[Data items]
==*==
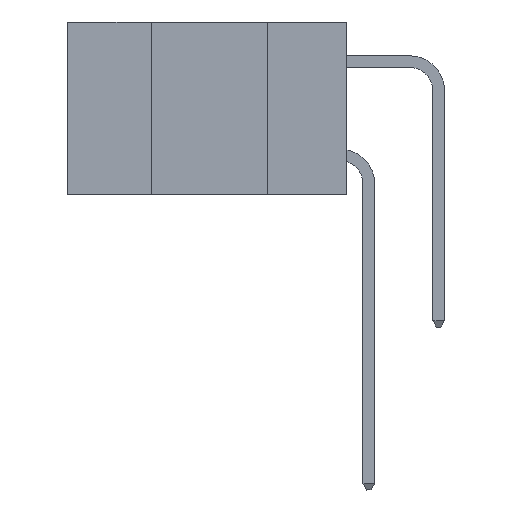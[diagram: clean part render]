
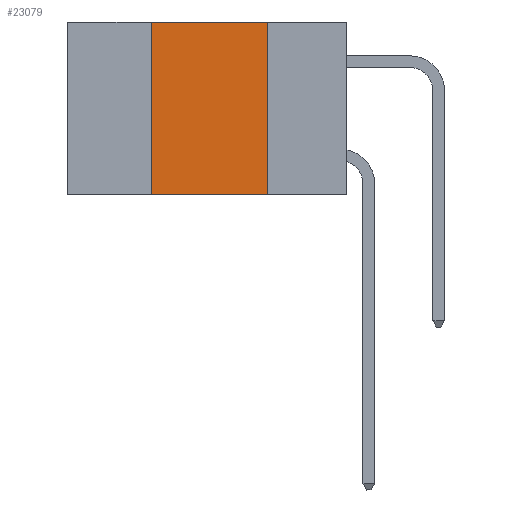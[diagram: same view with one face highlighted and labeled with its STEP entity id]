
A CAD part, left-side view. The second image highlights one B-rep face of the part: STEP entity #23079.
In plain terms, the highlighted planar face has unit normal (-1, 0, 0).
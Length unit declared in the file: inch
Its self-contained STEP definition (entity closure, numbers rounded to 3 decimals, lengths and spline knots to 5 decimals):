
#4742 = EDGE_CURVE ( 'NONE', #7596, #26621, #45053, .T. ) ;
#6101 = CARTESIAN_POINT ( 'NONE',  ( 0., 0.17, 0. ) ) ;
#6541 = ORIENTED_EDGE ( 'NONE', *, *, #38515, .T. ) ;
#6724 = DIRECTION ( 'NONE',  ( 0., -1., 0. ) ) ;
#6914 = DIRECTION ( 'NONE',  ( 1., 0., 0. ) ) ;
#7545 = VECTOR ( 'NONE', #43035, 39.37008 ) ;
#7596 = VERTEX_POINT ( 'NONE', #18167 ) ;
#9181 = ORIENTED_EDGE ( 'NONE', *, *, #39373, .F. ) ;
#9615 = VECTOR ( 'NONE', #40058, 39.37008 ) ;
#13264 = CARTESIAN_POINT ( 'NONE',  ( 0., 0.42, -0.37 ) ) ;
#13738 = CARTESIAN_POINT ( 'NONE',  ( 0., 0.6, 0. ) ) ;
#13828 = DIRECTION ( 'NONE',  ( 0., -1., 0. ) ) ;
#14924 = ORIENTED_EDGE ( 'NONE', *, *, #20936, .F. ) ;
#18167 = CARTESIAN_POINT ( 'NONE',  ( 0., 0.42, 0. ) ) ;
#20936 = EDGE_CURVE ( 'NONE', #45254, #7596, #31958, .T. ) ;
#21035 = CARTESIAN_POINT ( 'NONE',  ( 0., 0.6, -0.37 ) ) ;
#23079 = ADVANCED_FACE ( 'NONE', ( #42978 ), #42582, .F. ) ;
#26621 = VERTEX_POINT ( 'NONE', #6101 ) ;
#27092 = VECTOR ( 'NONE', #6724, 39.37008 ) ;
#28441 = CARTESIAN_POINT ( 'NONE',  ( 0., 0.17, 0. ) ) ;
#28771 = LINE ( 'NONE', #28441, #7545 ) ;
#31580 = CARTESIAN_POINT ( 'NONE',  ( 0., 0.6, 0. ) ) ;
#31958 = LINE ( 'NONE', #32944, #9615 ) ;
#32218 = VECTOR ( 'NONE', #13828, 39.37008 ) ;
#32944 = CARTESIAN_POINT ( 'NONE',  ( 0., 0.42, 0. ) ) ;
#36954 = VERTEX_POINT ( 'NONE', #42698 ) ;
#37181 = ORIENTED_EDGE ( 'NONE', *, *, #4742, .F. ) ;
#37263 = AXIS2_PLACEMENT_3D ( 'NONE', #31580, #6914, #42284 ) ;
#38515 = EDGE_CURVE ( 'NONE', #45254, #36954, #43467, .T. ) ;
#39373 = EDGE_CURVE ( 'NONE', #26621, #36954, #28771, .T. ) ;
#39417 = EDGE_LOOP ( 'NONE', ( #9181, #37181, #14924, #6541 ) ) ;
#40058 = DIRECTION ( 'NONE',  ( 0., 0., 1. ) ) ;
#42284 = DIRECTION ( 'NONE',  ( 0., 0., -1. ) ) ;
#42582 = PLANE ( 'NONE',  #37263 ) ;
#42698 = CARTESIAN_POINT ( 'NONE',  ( 0., 0.17, -0.37 ) ) ;
#42978 = FACE_OUTER_BOUND ( 'NONE', #39417, .T. ) ;
#43035 = DIRECTION ( 'NONE',  ( 0., 0., -1. ) ) ;
#43467 = LINE ( 'NONE', #21035, #32218 ) ;
#45053 = LINE ( 'NONE', #13738, #27092 ) ;
#45254 = VERTEX_POINT ( 'NONE', #13264 ) ;
==*==
WHAT TO WORK ON:
Go to the line with "#37263 = AXIS2_PLACEMENT_3D" in the entries above and repeat every line from there through the line with "#39417 = EDGE_LOOP", exactly and with no other text.

SOLUTION:
#37263 = AXIS2_PLACEMENT_3D ( 'NONE', #31580, #6914, #42284 ) ;
#38515 = EDGE_CURVE ( 'NONE', #45254, #36954, #43467, .T. ) ;
#39373 = EDGE_CURVE ( 'NONE', #26621, #36954, #28771, .T. ) ;
#39417 = EDGE_LOOP ( 'NONE', ( #9181, #37181, #14924, #6541 ) ) ;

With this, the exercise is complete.